Der Riesling, der aus der Wärme kam

Archiv-Artikel vom Dienstag, den 28.10.2014

Der Rote Riesling gilt als Urform des bekannten Weißen Rieslings. Durch spontanes Abschalten eines Farbgens entstehen immer wieder weiße Beeren.

© rebveredlungsbetrieb antes

Heppenheim/Geisenheim. Der seit Jahrzehnten verschollene Rote Riesling erlebt seit einigen Jahren an der Hessischen Bergstraße eine Renaissance. Die alte Rebsorte war Thema eines Symposiums in Geisenheim, bei dem die Bergsträßer Winzer von ihren Erfahrungen berichteten. Die Bergsträßer fungierten als Pioniere bei der Wiederansiedlung der alten Sorte.

Der Rote Riesling hat in Hessen eine wachsende Fangemeinde. Bei Winzern und Verbrauchern erfreue sich die alte Rebsorte zunehmender Beliebtheit, sagte Professor Ernst Rühl von der Hochschule Geisenheim am Freitag bei der Tagung von Slow Food Rheingau und der Hochschule Geisenheim.

Dabei ging es auch um Möglichkeiten der Vermarktung des Ur-Rieslings. Von einer "Goldgräberstimmung" könne aber noch nicht gesprochen werden.

"Der ,Rückschritt' ins Mittelalter könnte unser Fortschritt und die Antwort auf den Klimawandel sein."

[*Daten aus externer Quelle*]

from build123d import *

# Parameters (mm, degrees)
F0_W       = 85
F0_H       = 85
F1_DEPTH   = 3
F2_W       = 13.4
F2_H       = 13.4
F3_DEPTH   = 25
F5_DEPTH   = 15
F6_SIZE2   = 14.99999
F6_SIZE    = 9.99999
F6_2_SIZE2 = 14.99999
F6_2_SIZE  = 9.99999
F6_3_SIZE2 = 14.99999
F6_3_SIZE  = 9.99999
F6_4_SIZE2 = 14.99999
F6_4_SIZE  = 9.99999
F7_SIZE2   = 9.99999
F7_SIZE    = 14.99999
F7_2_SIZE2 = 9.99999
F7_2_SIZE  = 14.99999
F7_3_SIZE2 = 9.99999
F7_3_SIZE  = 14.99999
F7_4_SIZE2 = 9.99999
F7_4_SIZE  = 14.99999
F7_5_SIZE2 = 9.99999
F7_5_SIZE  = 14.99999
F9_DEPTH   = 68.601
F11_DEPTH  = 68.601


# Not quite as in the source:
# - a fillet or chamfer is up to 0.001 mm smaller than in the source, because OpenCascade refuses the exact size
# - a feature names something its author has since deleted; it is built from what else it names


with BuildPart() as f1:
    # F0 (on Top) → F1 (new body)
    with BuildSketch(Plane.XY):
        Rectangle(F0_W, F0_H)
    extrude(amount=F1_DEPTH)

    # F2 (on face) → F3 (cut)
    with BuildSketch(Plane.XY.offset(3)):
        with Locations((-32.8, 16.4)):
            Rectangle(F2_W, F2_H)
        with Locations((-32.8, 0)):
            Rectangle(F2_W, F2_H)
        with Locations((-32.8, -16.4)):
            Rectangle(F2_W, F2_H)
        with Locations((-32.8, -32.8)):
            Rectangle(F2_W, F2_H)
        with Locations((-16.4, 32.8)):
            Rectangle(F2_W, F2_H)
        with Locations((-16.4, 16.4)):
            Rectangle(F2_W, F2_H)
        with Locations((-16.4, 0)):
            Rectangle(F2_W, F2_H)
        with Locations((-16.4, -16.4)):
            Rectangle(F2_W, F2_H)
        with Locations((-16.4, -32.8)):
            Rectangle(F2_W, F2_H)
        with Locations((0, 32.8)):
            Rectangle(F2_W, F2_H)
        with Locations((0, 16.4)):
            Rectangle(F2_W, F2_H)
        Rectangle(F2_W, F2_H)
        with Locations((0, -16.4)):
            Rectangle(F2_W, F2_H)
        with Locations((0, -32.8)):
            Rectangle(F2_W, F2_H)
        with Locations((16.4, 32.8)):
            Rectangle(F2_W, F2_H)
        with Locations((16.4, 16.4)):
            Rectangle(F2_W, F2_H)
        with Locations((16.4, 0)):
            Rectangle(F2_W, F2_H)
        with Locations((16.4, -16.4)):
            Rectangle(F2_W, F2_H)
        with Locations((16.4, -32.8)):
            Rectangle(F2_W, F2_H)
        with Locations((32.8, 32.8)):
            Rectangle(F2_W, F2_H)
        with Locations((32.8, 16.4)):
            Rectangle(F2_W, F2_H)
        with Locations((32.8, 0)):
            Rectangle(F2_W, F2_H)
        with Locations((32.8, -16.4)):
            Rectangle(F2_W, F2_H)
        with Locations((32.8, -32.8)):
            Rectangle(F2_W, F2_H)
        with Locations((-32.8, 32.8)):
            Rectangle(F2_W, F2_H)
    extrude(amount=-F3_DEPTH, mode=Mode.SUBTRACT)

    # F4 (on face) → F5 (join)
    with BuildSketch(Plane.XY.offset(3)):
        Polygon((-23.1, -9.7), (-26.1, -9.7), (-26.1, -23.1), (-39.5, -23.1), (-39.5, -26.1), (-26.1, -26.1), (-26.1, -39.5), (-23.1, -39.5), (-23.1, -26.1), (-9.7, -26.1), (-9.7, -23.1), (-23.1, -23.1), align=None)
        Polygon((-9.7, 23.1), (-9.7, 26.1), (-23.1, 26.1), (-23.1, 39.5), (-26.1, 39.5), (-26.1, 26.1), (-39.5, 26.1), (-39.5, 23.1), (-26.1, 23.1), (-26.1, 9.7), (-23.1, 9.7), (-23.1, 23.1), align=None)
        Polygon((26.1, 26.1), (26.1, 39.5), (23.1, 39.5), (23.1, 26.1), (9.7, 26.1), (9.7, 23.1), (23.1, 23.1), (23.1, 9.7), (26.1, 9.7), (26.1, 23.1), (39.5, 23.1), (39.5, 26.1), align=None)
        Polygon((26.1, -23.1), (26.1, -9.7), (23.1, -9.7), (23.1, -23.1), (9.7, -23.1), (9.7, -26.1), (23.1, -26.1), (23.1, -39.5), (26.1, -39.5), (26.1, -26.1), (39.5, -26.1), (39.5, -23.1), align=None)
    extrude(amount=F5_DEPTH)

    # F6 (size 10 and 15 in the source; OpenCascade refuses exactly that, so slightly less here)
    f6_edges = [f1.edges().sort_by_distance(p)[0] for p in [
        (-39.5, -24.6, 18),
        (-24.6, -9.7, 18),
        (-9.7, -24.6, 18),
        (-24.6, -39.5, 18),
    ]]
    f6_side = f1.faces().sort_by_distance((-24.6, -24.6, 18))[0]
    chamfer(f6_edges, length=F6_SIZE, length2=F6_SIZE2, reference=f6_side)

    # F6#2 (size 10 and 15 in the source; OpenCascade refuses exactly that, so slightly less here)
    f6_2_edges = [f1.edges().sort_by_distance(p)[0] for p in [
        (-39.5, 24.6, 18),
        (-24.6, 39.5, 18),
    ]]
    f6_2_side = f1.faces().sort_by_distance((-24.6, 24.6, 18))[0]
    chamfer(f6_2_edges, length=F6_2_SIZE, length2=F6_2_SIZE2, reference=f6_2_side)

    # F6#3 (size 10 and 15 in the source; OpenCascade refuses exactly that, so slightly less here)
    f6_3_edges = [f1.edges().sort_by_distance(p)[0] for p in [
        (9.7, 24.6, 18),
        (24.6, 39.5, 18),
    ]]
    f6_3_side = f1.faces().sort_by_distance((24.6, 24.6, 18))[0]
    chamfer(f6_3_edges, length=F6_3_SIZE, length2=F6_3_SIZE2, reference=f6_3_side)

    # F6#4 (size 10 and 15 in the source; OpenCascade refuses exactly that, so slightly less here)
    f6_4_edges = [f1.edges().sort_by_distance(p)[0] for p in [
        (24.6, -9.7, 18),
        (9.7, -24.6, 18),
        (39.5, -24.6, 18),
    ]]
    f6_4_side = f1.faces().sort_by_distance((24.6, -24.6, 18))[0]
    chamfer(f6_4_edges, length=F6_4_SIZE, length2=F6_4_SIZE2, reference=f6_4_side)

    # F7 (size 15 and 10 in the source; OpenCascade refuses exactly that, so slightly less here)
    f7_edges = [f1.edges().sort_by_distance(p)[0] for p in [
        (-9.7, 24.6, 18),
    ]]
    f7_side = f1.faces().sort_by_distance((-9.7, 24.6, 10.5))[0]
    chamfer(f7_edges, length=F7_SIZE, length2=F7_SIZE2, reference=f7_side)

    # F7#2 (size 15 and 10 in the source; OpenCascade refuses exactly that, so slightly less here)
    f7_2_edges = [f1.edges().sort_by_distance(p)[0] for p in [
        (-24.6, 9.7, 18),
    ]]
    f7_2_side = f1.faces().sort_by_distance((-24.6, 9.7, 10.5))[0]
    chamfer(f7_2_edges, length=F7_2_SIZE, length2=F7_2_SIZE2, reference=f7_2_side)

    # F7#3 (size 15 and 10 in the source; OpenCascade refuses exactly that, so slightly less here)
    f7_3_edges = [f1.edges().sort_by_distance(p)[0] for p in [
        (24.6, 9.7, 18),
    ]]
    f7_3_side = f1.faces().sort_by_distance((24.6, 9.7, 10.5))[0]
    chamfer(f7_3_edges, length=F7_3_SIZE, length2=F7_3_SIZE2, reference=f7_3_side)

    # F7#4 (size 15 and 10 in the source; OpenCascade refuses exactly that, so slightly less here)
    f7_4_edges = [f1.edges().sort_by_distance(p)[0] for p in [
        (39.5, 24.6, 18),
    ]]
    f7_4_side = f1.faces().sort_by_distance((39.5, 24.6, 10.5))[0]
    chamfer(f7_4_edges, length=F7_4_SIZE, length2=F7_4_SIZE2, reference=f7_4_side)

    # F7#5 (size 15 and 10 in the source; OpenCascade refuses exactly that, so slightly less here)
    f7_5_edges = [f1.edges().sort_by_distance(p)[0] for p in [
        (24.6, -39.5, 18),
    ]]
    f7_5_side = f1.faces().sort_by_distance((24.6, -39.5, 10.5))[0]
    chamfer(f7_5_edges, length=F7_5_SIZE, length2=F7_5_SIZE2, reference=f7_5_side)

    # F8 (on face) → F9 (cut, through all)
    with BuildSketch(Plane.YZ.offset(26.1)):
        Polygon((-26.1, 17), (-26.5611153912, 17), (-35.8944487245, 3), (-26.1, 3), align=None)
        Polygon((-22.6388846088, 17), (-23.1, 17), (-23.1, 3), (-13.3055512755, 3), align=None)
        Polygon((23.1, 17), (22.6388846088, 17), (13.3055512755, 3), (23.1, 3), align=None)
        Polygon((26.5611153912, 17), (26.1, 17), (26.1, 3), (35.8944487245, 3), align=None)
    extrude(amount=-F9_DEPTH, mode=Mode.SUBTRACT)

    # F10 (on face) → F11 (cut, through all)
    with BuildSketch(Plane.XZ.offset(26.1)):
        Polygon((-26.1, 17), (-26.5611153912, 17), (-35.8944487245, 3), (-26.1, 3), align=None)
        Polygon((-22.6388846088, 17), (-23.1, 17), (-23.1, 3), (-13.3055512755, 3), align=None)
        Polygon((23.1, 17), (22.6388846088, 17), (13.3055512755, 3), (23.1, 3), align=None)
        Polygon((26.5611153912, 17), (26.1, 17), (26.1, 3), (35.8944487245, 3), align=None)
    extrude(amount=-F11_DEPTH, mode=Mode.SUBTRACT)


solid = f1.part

Trotz der rötlichen Schalenfarbe entsteht aus dem Roten Riesling ein Weißwein. Rühl, der das Institut für Rebenzüchtung in Geisenheim leitet, bezifferte die Anbaufläche im Rheingau und an der Bergstraße auf rund 30 Hektar.

Der Wein habe sich bislang als etwas stoffiger und extraktreicher als der des weißen Bruders erwiesen, berichtete Reinhard Antes, Vorsitzender der Bergsträßer Winzer eG, in Geisenheim über seine Erfahrungen. Die fruchtige Säure verleihe ihm Frische, Rasse und Lebendigkeit und Eleganz. Vor allem versprechen sich die Bergsträßer Winzer von der älteren, in einer Warmphase im Mittelalter weit verbreiteten roten Variante einen "Klimariesling", der die Erwärmung besser verkraftet als sein weißer Bruder.

Fäulnis beginnt etwas später

"Nach den bisherigen Beobachtungen beginnt die Fäulnis bei den reifen Trauben beim Roten Riesling etwa eine Woche später als beim Weißen Riesling", sagte Antes. Diese eine Woche Verzögerung könnte in manchen kritischen Jahren, beispielsweise 2006 und in diesem Jahr, die Rettung bedeuten. "Der ,Rückschritt' ins Mittelalter könnte unser Fortschritt und die Antwort auf den Klimawandel sein", betonte Antes.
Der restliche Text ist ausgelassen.